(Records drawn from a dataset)
------------------------------------------------

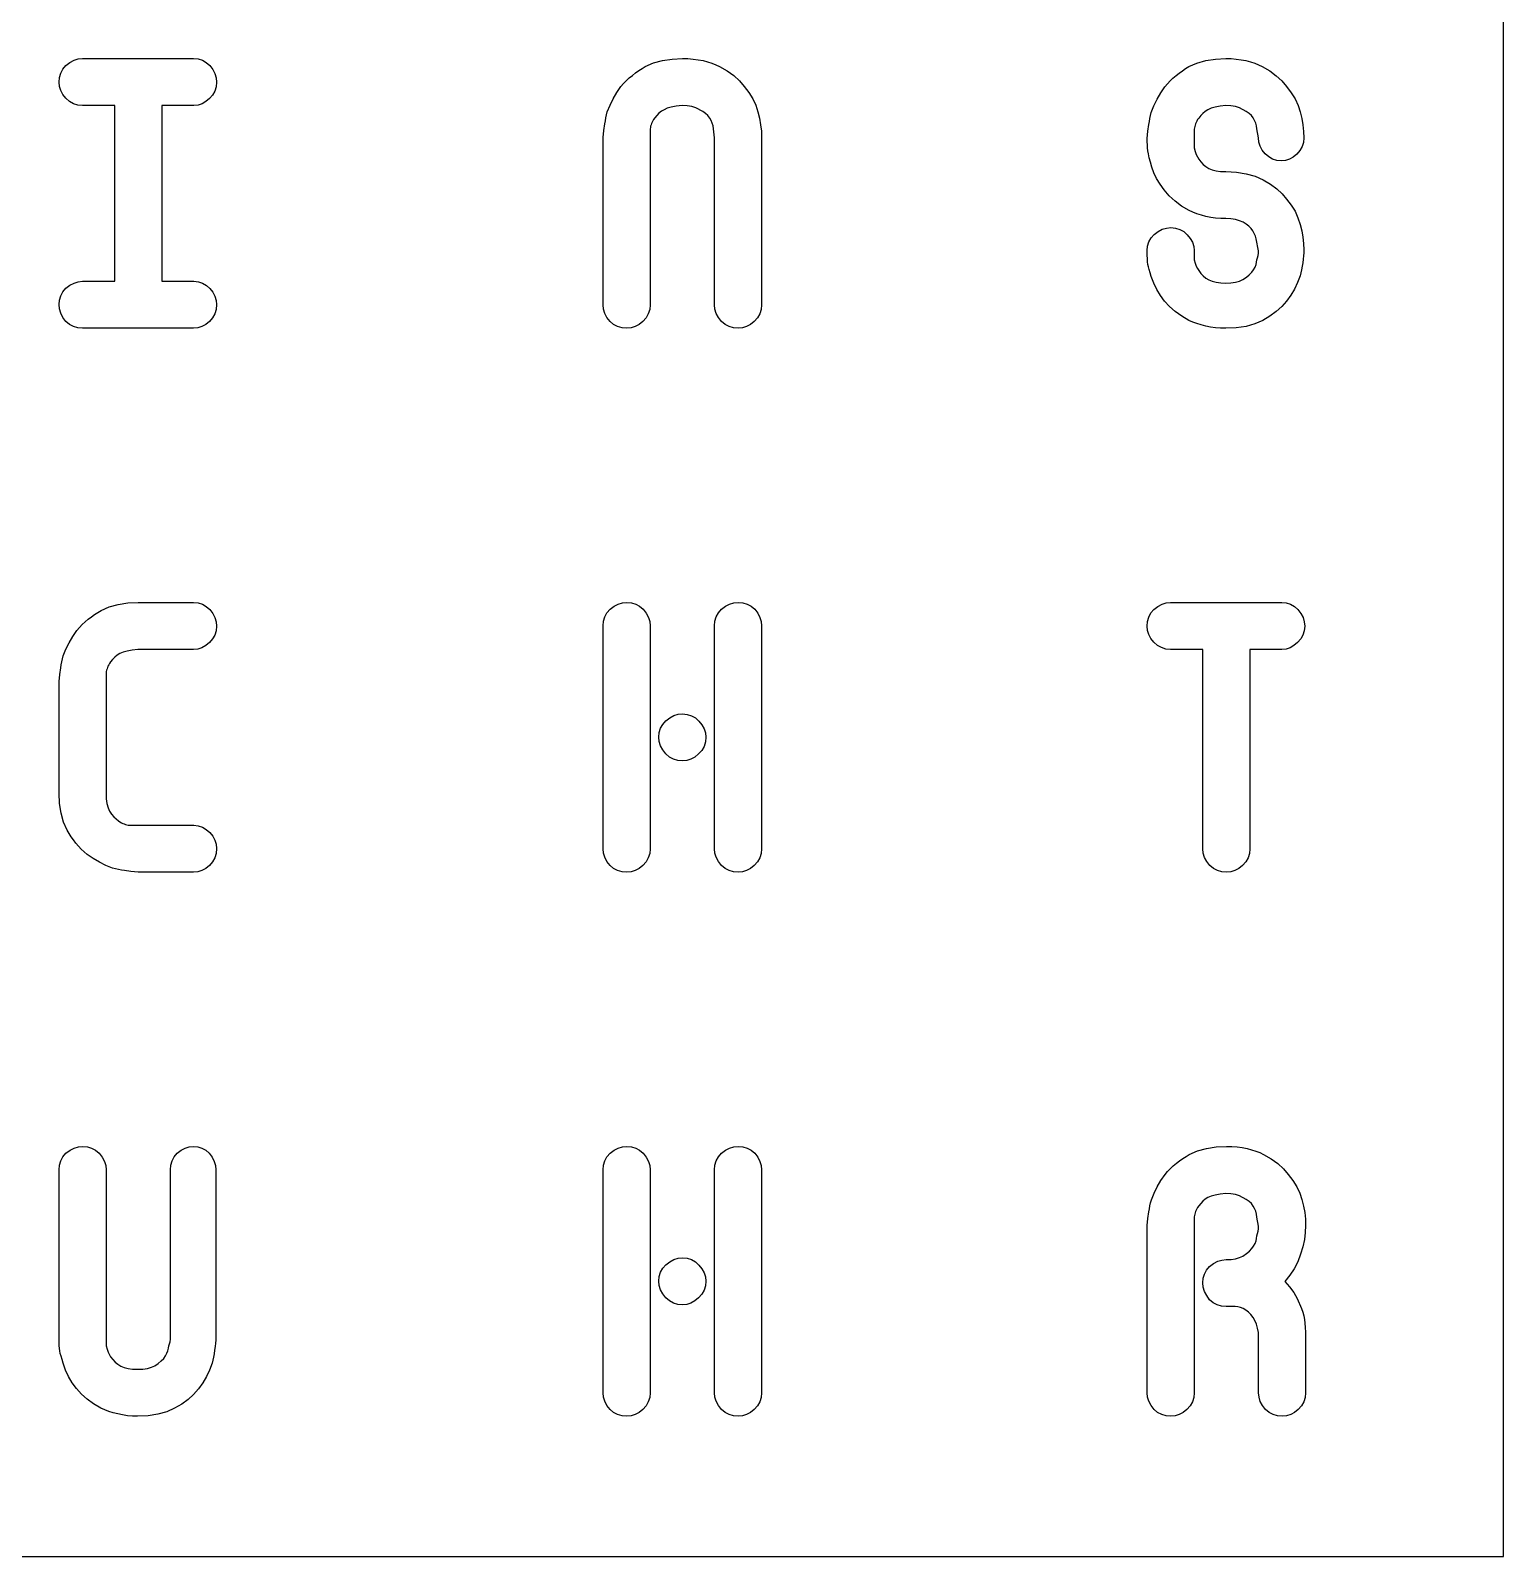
# Model space of a CAD drawing. Header units: metres. Extents: x 0 to 220, y 0 to 220.
# Drawn here: x 165.9 to 220, y 0 to 56.1 of the extents above; entities that cross this region are included whole.
import ezdxf

# ---------------------------------------------------------------- set-up
doc = ezdxf.new("R2010")
doc.units = ezdxf.units.M

msp = doc.modelspace()

# ---------------------------------------------------------------- linework, layer by layer
for p, q in [((220, 0), (220, 220)), ((167.299, 54.9339), (167.45, 55.013)), ((167.45, 55.013), (167.604, 55.0604)), ((167.604, 55.0604), (167.762, 55.0762)), ((167.762, 55.0762), (171.846, 55.0762)), ((171.846, 55.0762), (172.013, 55.0604)), ((172.013, 55.0604), (172.169, 55.013)), ((172.169, 55.013), (172.312, 54.9339)), ((188.751, 54.912), (189.08, 55.0032)), ((189.08, 55.0032), (189.436, 55.058)), ((189.436, 55.058), (189.82, 55.0762)), ((189.82, 55.0762), (190.019, 55.0714)), ((190.019, 55.0714), (190.211, 55.057)), ((190.211, 55.057), (190.396, 55.0329)), ((190.396, 55.0329), (190.574, 54.9992)), ((190.574, 54.9992), (190.742, 54.9573)), ((208.731, 54.9103), (209.056, 55.0025)), ((209.056, 55.0025), (209.408, 55.0578)), ((209.408, 55.0578), (209.788, 55.0762)), ((209.788, 55.0762), (209.984, 55.0714)), ((209.984, 55.0714), (210.174, 55.057)), ((210.174, 55.057), (210.357, 55.0329)), ((210.357, 55.0329), (210.533, 54.9992)), ((210.533, 54.9992), (210.7, 54.9572)), ((166.917, 54.3807), (166.963, 54.5422)), ((166.963, 54.5422), (167.042, 54.6897)), ((167.042, 54.6897), (167.151, 54.8232)), ((167.151, 54.8232), (167.299, 54.9339)), ((172.312, 54.9339), (172.443, 54.8232)), ((172.443, 54.8232), (172.552, 54.674)), ((172.552, 54.674), (172.63, 54.5212)), ((172.63, 54.5212), (172.677, 54.365)), ((187.861, 54.3611), (187.976, 54.4572)), ((187.976, 54.4572), (188.095, 54.5482)), ((188.095, 54.5482), (188.214, 54.633)), ((188.214, 54.633), (188.332, 54.7117)), ((188.332, 54.7117), (188.451, 54.7842)), ((188.451, 54.7842), (188.751, 54.912)), ((190.742, 54.9573), (190.899, 54.9075)), ((190.899, 54.9075), (191.043, 54.8498)), ((191.043, 54.8498), (191.175, 54.7842)), ((191.175, 54.7842), (191.457, 54.6234)), ((191.457, 54.6234), (191.702, 54.4467)), ((191.702, 54.4467), (191.911, 54.2544)), ((207.85, 54.3535), (207.964, 54.4502)), ((207.964, 54.4502), (208.081, 54.5422)), ((208.081, 54.5422), (208.199, 54.628)), ((208.199, 54.628), (208.316, 54.7077)), ((208.316, 54.7077), (208.434, 54.7812)), ((208.434, 54.7812), (208.731, 54.9103)), ((210.7, 54.9572), (210.855, 54.9072)), ((210.855, 54.9072), (210.997, 54.8492)), ((210.997, 54.8492), (211.128, 54.7832)), ((211.128, 54.7832), (211.407, 54.6219)), ((211.407, 54.6219), (211.649, 54.445)), ((211.649, 54.445), (211.856, 54.2524)), ((166.901, 54.2052), (166.917, 54.3807)), ((166.917, 54.0472), (166.901, 54.2052)), ((166.964, 53.8962), (166.917, 54.0472)), ((167.042, 53.7522), (166.964, 53.8962)), ((172.628, 53.8787), (172.546, 53.7339)), ((172.677, 54.0359), (172.628, 53.8787)), ((172.677, 54.365), (172.693, 54.2052)), ((172.693, 54.2052), (172.677, 54.0359)), ((187.405, 53.8211), (187.557, 54.0462)), ((187.557, 54.0462), (187.651, 54.1555)), ((187.651, 54.1555), (187.753, 54.2605)), ((187.753, 54.2605), (187.861, 54.3611)), ((191.911, 54.2544), (192.083, 54.0462)), ((192.083, 54.0462), (192.256, 53.8215)), ((207.4, 53.8087), (207.55, 54.0362)), ((207.55, 54.0362), (207.643, 54.1465)), ((207.643, 54.1465), (207.743, 54.2522)), ((207.743, 54.2522), (207.85, 54.3535)), ((211.856, 54.2524), (212.026, 54.0442)), ((212.026, 54.0442), (212.197, 53.8186)), ((167.152, 53.6152), (167.042, 53.7522)), ((167.284, 53.4984), (167.152, 53.6152)), ((167.431, 53.415), (167.284, 53.4984)), ((167.591, 53.3649), (167.431, 53.415)), ((167.765, 53.3482), (167.591, 53.3649)), ((168.949, 53.3482), (167.765, 53.3482)), ((168.949, 46.8843), (168.949, 53.3482)), ((171.856, 53.3482), (170.677, 53.3482)), ((170.677, 53.3482), (170.677, 46.8843)), ((172.01, 53.3641), (171.856, 53.3482)), ((172.158, 53.4115), (172.01, 53.3641)), ((172.298, 53.4906), (172.158, 53.4115)), ((172.432, 53.6012), (172.298, 53.4906)), ((172.546, 53.7339), (172.432, 53.6012)), ((187.055, 53.1142), (187.154, 53.3551)), ((187.154, 53.3551), (187.271, 53.5907)), ((187.271, 53.5907), (187.405, 53.8211)), ((189.591, 53.3229), (189.408, 53.289)), ((189.806, 53.3482), (189.591, 53.3229)), ((189.992, 53.3387), (189.806, 53.3482)), ((190.16, 53.31), (189.992, 53.3387)), ((190.308, 53.2622), (190.16, 53.31)), ((192.256, 53.8215), (192.399, 53.5925)), ((192.399, 53.5925), (192.511, 53.3591)), ((192.511, 53.3591), (192.592, 53.1212)), ((207.053, 53.0952), (207.151, 53.3382)), ((207.151, 53.3382), (207.267, 53.576)), ((207.267, 53.576), (207.4, 53.8087)), ((209.582, 53.3228), (209.401, 53.2885)), ((209.795, 53.3482), (209.582, 53.3228)), ((209.98, 53.3387), (209.795, 53.3482)), ((210.145, 53.31), (209.98, 53.3387)), ((210.292, 53.2622), (210.145, 53.31)), ((212.197, 53.8186), (212.338, 53.5885)), ((212.338, 53.5885), (212.449, 53.354)), ((212.449, 53.354), (212.53, 53.1152)), ((186.964, 52.6692), (186.983, 52.7807)), ((186.983, 52.7807), (187.004, 52.892)), ((187.004, 52.892), (187.028, 53.0032)), ((187.028, 53.0032), (187.055, 53.1142)), ((188.725, 52.7825), (188.698, 52.731)), ((188.758, 52.8356), (188.725, 52.7825)), ((188.797, 52.8902), (188.758, 52.8356)), ((188.871, 52.9821), (188.797, 52.8902)), ((188.953, 53.0635), (188.871, 52.9821)), ((189.042, 53.1346), (188.953, 53.0635)), ((189.14, 53.1952), (189.042, 53.1346)), ((189.258, 53.2464), (189.14, 53.1952)), ((189.408, 53.289), (189.258, 53.2464)), ((190.561, 53.1292), (190.308, 53.2622)), ((190.666, 53.0562), (190.561, 53.1292)), ((190.753, 52.9762), (190.666, 53.0562)), ((190.822, 52.8892), (190.753, 52.9762)), ((190.875, 52.7966), (190.822, 52.8892)), ((190.915, 52.6987), (190.875, 52.7966)), ((192.592, 53.1212), (192.65, 52.8817)), ((192.65, 52.8817), (192.692, 52.643)), ((206.963, 52.6452), (206.982, 52.7577)), ((206.982, 52.7577), (207.003, 52.8702)), ((207.003, 52.8702), (207.027, 52.9827)), ((207.027, 52.9827), (207.053, 53.0952)), ((208.724, 52.7755), (208.697, 52.7236)), ((208.757, 52.8291), (208.724, 52.7755)), ((208.796, 52.8842), (208.757, 52.8291)), ((208.869, 52.9774), (208.796, 52.8842)), ((208.95, 53.06), (208.869, 52.9774)), ((209.038, 53.1319), (208.95, 53.06)), ((209.135, 53.1932), (209.038, 53.1319)), ((209.252, 53.2453), (209.135, 53.1932)), ((209.401, 53.2885), (209.252, 53.2453)), ((210.542, 53.1297), (210.292, 53.2622)), ((210.646, 53.057), (210.542, 53.1297)), ((210.733, 52.9772), (210.646, 53.057)), ((210.801, 52.8902), (210.733, 52.9772)), ((210.853, 52.7976), (210.801, 52.8902)), ((210.893, 52.6997), (210.853, 52.7976)), ((212.53, 53.1152), (212.587, 52.8752)), ((212.587, 52.8752), (212.628, 52.636)), ((186.901, 52.1682), (186.931, 52.4325)), ((186.931, 52.4325), (186.964, 52.6692)), ((188.637, 52.5357), (188.629, 52.4872)), ((188.629, 52.4872), (188.629, 46.0173)), ((188.648, 52.5842), (188.637, 52.5357)), ((188.662, 52.6327), (188.648, 52.5842)), ((188.678, 52.6812), (188.662, 52.6327)), ((188.698, 52.731), (188.678, 52.6812)), ((190.941, 52.5956), (190.915, 52.6987)), ((190.997, 52.1542), (190.941, 52.5956)), ((192.692, 52.643), (192.717, 52.4052)), ((192.717, 52.4052), (192.725, 52.1682)), ((206.901, 52.1392), (206.93, 52.4062)), ((206.93, 52.4062), (206.963, 52.6452)), ((208.637, 52.5262), (208.629, 52.4772)), ((208.629, 52.4772), (208.629, 51.7882)), ((208.648, 52.5752), (208.637, 52.5262)), ((208.661, 52.6242), (208.648, 52.5752)), ((208.677, 52.6732), (208.661, 52.6242)), ((208.697, 52.7236), (208.677, 52.6732)), ((210.919, 52.5966), (210.893, 52.6997)), ((210.933, 52.4882), (210.919, 52.5966)), ((210.997, 52.1552), (210.933, 52.4882)), ((212.628, 52.636), (212.653, 52.3977)), ((212.653, 52.3977), (212.661, 52.1602)), ((186.901, 46.0193), (186.901, 52.1682)), ((190.997, 46.0173), (190.997, 52.1542)), ((192.725, 52.1682), (192.725, 46.0193)), ((206.903, 52.0158), (206.901, 52.1392)), ((206.908, 51.8985), (206.903, 52.0158)), ((206.916, 51.7873), (206.908, 51.8985)), ((206.928, 51.6822), (206.916, 51.7873)), ((206.948, 51.5684), (206.928, 51.6822)), ((208.629, 51.7882), (208.665, 51.6626)), ((208.665, 51.6626), (208.705, 51.5527)), ((211.012, 51.9992), (210.997, 52.1552)), ((211.058, 51.85), (211.012, 51.9992)), ((211.134, 51.7077), (211.058, 51.85)), ((211.24, 51.5722), (211.134, 51.7077)), ((212.516, 51.6919), (212.404, 51.5602)), ((212.597, 51.8357), (212.516, 51.6919)), ((212.645, 51.9919), (212.597, 51.8357)), ((212.661, 52.1602), (212.645, 51.9919)), ((206.978, 51.4297), (206.948, 51.5684)), ((207.021, 51.2664), (206.978, 51.4297)), ((207.074, 51.0782), (207.021, 51.2664)), ((207.147, 50.876), (207.074, 51.0782)), ((208.705, 51.5527), (208.748, 51.4586)), ((208.748, 51.4586), (208.795, 51.3802)), ((208.795, 51.3802), (208.875, 51.2743)), ((208.875, 51.2743), (208.964, 51.1815)), ((208.964, 51.1815), (209.061, 51.1018)), ((209.061, 51.1018), (209.167, 51.0352)), ((211.369, 51.4572), (211.24, 51.5722)), ((211.511, 51.375), (211.369, 51.4572)), ((211.667, 51.3257), (211.511, 51.375)), ((211.836, 51.3092), (211.667, 51.3257)), ((211.988, 51.3249), (211.836, 51.3092)), ((212.133, 51.372), (211.988, 51.3249)), ((212.272, 51.4504), (212.133, 51.372)), ((212.404, 51.5602), (212.272, 51.4504)), ((207.247, 50.6692), (207.147, 50.876)), ((207.375, 50.458), (207.247, 50.6692)), ((209.167, 51.0352), (209.289, 50.9832)), ((209.289, 50.9832), (209.433, 50.946)), ((209.433, 50.946), (209.6, 50.9237)), ((209.6, 50.9237), (209.789, 50.9162)), ((209.789, 50.9162), (210.181, 50.8972)), ((210.181, 50.8972), (210.542, 50.8402)), ((210.542, 50.8402), (210.871, 50.7452)), ((210.871, 50.7452), (211.17, 50.6122)), ((211.17, 50.6122), (211.436, 50.4542)), ((207.531, 50.2422), (207.375, 50.458)), ((207.715, 50.0313), (207.531, 50.2422)), ((207.928, 49.8345), (207.715, 50.0313)), ((211.436, 50.4542), (211.667, 50.2842)), ((211.667, 50.2842), (211.864, 50.1022)), ((211.864, 50.1022), (212.026, 49.9083)), ((208.169, 49.6518), (207.928, 49.8345)), ((208.439, 49.4833), (208.169, 49.6518)), ((208.582, 49.4228), (208.439, 49.4833)), ((208.733, 49.3675), (208.582, 49.4228)), ((212.026, 49.9083), (212.197, 49.6886)), ((212.197, 49.6886), (212.337, 49.4588)), ((212.337, 49.4588), (212.445, 49.2186)), ((207.456, 48.7978), (207.612, 48.8446)), ((207.612, 48.8446), (207.772, 48.8603)), ((207.772, 48.8603), (207.941, 48.8438)), ((207.941, 48.8438), (208.098, 48.7943)), ((208.893, 49.3173), (208.733, 49.3675)), ((209.062, 49.2723), (208.893, 49.3173)), ((209.238, 49.2355), (209.062, 49.2723)), ((209.419, 49.2093), (209.238, 49.2355)), ((209.605, 49.1935), (209.419, 49.2093)), ((209.797, 49.1883), (209.605, 49.1935)), ((209.982, 49.18), (209.797, 49.1883)), ((210.148, 49.1553), (209.982, 49.18)), ((210.297, 49.114), (210.148, 49.1553)), ((210.427, 49.0563), (210.297, 49.114)), ((210.54, 48.9873), (210.427, 49.0563)), ((210.638, 48.9113), (210.54, 48.9873)), ((210.72, 48.8283), (210.638, 48.9113)), ((210.787, 48.7383), (210.72, 48.8283)), ((212.445, 49.2186), (212.523, 48.9683)), ((212.523, 48.9683), (212.583, 48.7346)), ((206.917, 48.1807), (206.964, 48.336)), ((206.964, 48.336), (207.043, 48.4792)), ((207.043, 48.4792), (207.154, 48.6103)), ((207.154, 48.6103), (207.303, 48.7196)), ((207.303, 48.7196), (207.456, 48.7978)), ((208.098, 48.7943), (208.243, 48.7118)), ((208.243, 48.7118), (208.376, 48.5963)), ((208.376, 48.5963), (208.487, 48.4608)), ((208.487, 48.4608), (208.566, 48.3185)), ((208.566, 48.3185), (208.613, 48.1693)), ((210.84, 48.6435), (210.787, 48.7383)), ((210.882, 48.5463), (210.84, 48.6435)), ((210.913, 48.4465), (210.882, 48.5463)), ((210.997, 48.0113), (210.913, 48.4465)), ((212.583, 48.7346), (212.626, 48.5025)), ((212.626, 48.5025), (212.652, 48.2721)), ((212.652, 48.2721), (212.661, 48.0433)), ((206.901, 48.0133), (206.917, 48.1807)), ((206.903, 47.8512), (206.901, 48.0133)), ((206.908, 47.713), (206.903, 47.8512)), ((206.916, 47.5987), (206.908, 47.713)), ((208.613, 48.1693), (208.629, 48.0133)), ((208.629, 48.0133), (208.629, 47.6793)), ((210.933, 47.6793), (210.961, 47.7518)), ((210.961, 47.7518), (210.981, 47.8313)), ((210.981, 47.8313), (210.993, 47.9178)), ((210.993, 47.9178), (210.997, 48.0113)), ((212.637, 47.6973), (212.619, 47.5663)), ((212.65, 47.8205), (212.637, 47.6973)), ((212.658, 47.9358), (212.65, 47.8205)), ((212.661, 48.0433), (212.658, 47.9358)), ((206.928, 47.5083), (206.916, 47.5987)), ((206.946, 47.4221), (206.928, 47.5083)), ((206.973, 47.3195), (206.946, 47.4221)), ((207.009, 47.2006), (206.973, 47.3195)), ((207.053, 47.0653), (207.009, 47.2006)), ((208.629, 47.6793), (208.665, 47.5555)), ((208.665, 47.5555), (208.705, 47.4473)), ((208.705, 47.4473), (208.749, 47.3545)), ((208.749, 47.3545), (208.796, 47.2773)), ((208.796, 47.2773), (208.876, 47.1732)), ((208.876, 47.1732), (208.965, 47.082)), ((210.657, 47.127), (210.746, 47.2192)), ((210.746, 47.2192), (210.815, 47.3123)), ((210.815, 47.3123), (210.867, 47.4053)), ((210.867, 47.4053), (210.903, 47.4975)), ((210.903, 47.4975), (210.925, 47.5888)), ((210.925, 47.5888), (210.933, 47.6793)), ((212.549, 47.1976), (212.523, 47.0903)), ((212.574, 47.3128), (212.549, 47.1976)), ((212.598, 47.4356), (212.574, 47.3128)), ((212.619, 47.5663), (212.598, 47.4356)), ((167.042, 46.4986), (167.152, 46.6313)), ((167.152, 46.6313), (167.3, 46.7419)), ((167.3, 46.7419), (167.451, 46.821)), ((167.451, 46.821), (167.606, 46.8684)), ((167.606, 46.8684), (167.765, 46.8843)), ((167.765, 46.8843), (168.949, 46.8843)), ((170.677, 46.8843), (171.856, 46.8843)), ((171.856, 46.8843), (172.021, 46.8676)), ((172.021, 46.8676), (172.175, 46.8175)), ((172.175, 46.8175), (172.316, 46.7341)), ((172.316, 46.7341), (172.446, 46.6173)), ((172.446, 46.6173), (172.554, 46.4803)), ((207.141, 46.8191), (207.053, 47.0653)), ((207.251, 46.5848), (207.141, 46.8191)), ((207.386, 46.3621), (207.251, 46.5848)), ((208.965, 47.082), (209.063, 47.0037)), ((209.063, 47.0037), (209.17, 46.9383)), ((209.17, 46.9383), (209.292, 46.8866)), ((209.292, 46.8866), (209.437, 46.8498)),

------------------------------------------------

● WORK INSTRUCTIONS
Pull every line containing "ezdxf" from the entries above and copy it.

● EXERCISE RESPONSE
import ezdxf
doc = ezdxf.new("R2010")
doc.units = ezdxf.units.M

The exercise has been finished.